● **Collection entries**

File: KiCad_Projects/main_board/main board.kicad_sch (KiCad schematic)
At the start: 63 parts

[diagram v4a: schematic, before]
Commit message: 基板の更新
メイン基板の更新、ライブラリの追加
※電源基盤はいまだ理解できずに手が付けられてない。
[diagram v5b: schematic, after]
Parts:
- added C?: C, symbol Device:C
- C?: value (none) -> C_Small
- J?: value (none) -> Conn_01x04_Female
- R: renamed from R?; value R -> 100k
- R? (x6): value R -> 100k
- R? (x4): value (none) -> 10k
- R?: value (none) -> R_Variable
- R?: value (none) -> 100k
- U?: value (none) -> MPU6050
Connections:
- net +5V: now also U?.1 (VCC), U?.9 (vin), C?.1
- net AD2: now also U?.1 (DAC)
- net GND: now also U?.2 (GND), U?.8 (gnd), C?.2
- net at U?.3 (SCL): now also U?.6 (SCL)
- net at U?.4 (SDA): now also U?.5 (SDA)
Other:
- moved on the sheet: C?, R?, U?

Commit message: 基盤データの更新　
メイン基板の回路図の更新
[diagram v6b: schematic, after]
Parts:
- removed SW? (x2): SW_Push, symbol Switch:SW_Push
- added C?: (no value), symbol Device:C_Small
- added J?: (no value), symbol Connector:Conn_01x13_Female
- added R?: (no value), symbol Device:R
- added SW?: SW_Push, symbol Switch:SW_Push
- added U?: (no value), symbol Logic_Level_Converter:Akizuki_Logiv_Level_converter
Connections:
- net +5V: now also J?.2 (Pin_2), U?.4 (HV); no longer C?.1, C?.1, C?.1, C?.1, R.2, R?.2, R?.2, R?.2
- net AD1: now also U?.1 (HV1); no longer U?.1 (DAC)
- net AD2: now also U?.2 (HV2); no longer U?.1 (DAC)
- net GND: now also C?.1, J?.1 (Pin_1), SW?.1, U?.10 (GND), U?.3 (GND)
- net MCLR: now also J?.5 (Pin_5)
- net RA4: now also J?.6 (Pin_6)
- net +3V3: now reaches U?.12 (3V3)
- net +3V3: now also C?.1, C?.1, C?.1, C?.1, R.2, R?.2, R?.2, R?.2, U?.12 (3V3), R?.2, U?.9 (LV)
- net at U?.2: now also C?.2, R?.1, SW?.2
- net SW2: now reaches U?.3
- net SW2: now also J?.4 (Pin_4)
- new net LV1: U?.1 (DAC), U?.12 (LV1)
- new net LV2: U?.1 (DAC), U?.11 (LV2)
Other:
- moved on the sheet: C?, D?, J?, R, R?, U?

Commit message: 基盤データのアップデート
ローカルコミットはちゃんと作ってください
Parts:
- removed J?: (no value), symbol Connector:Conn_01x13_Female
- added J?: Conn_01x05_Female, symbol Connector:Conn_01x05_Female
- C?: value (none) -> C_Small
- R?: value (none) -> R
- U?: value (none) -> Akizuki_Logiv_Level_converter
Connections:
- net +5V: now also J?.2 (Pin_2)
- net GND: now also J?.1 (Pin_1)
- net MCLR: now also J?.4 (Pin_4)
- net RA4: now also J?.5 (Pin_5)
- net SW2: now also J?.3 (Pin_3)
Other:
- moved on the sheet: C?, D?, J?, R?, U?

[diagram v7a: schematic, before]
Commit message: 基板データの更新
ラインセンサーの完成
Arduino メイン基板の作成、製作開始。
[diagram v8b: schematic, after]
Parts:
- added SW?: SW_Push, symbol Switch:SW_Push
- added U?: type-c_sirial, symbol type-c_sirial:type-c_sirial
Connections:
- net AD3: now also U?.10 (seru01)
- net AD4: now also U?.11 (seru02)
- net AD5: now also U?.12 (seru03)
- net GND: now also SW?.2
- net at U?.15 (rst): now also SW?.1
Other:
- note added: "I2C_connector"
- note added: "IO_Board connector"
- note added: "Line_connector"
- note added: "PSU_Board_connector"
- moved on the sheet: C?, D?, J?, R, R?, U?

● **EXERCISE DIRECTIONS**
Each line of the data that contains "diagram" belongs in the answer.

● **TASK SOLUTION**
[diagram v4a: schematic, before]
[diagram v5b: schematic, after]
[diagram v6b: schematic, after]
[diagram v7a: schematic, before]
[diagram v8b: schematic, after]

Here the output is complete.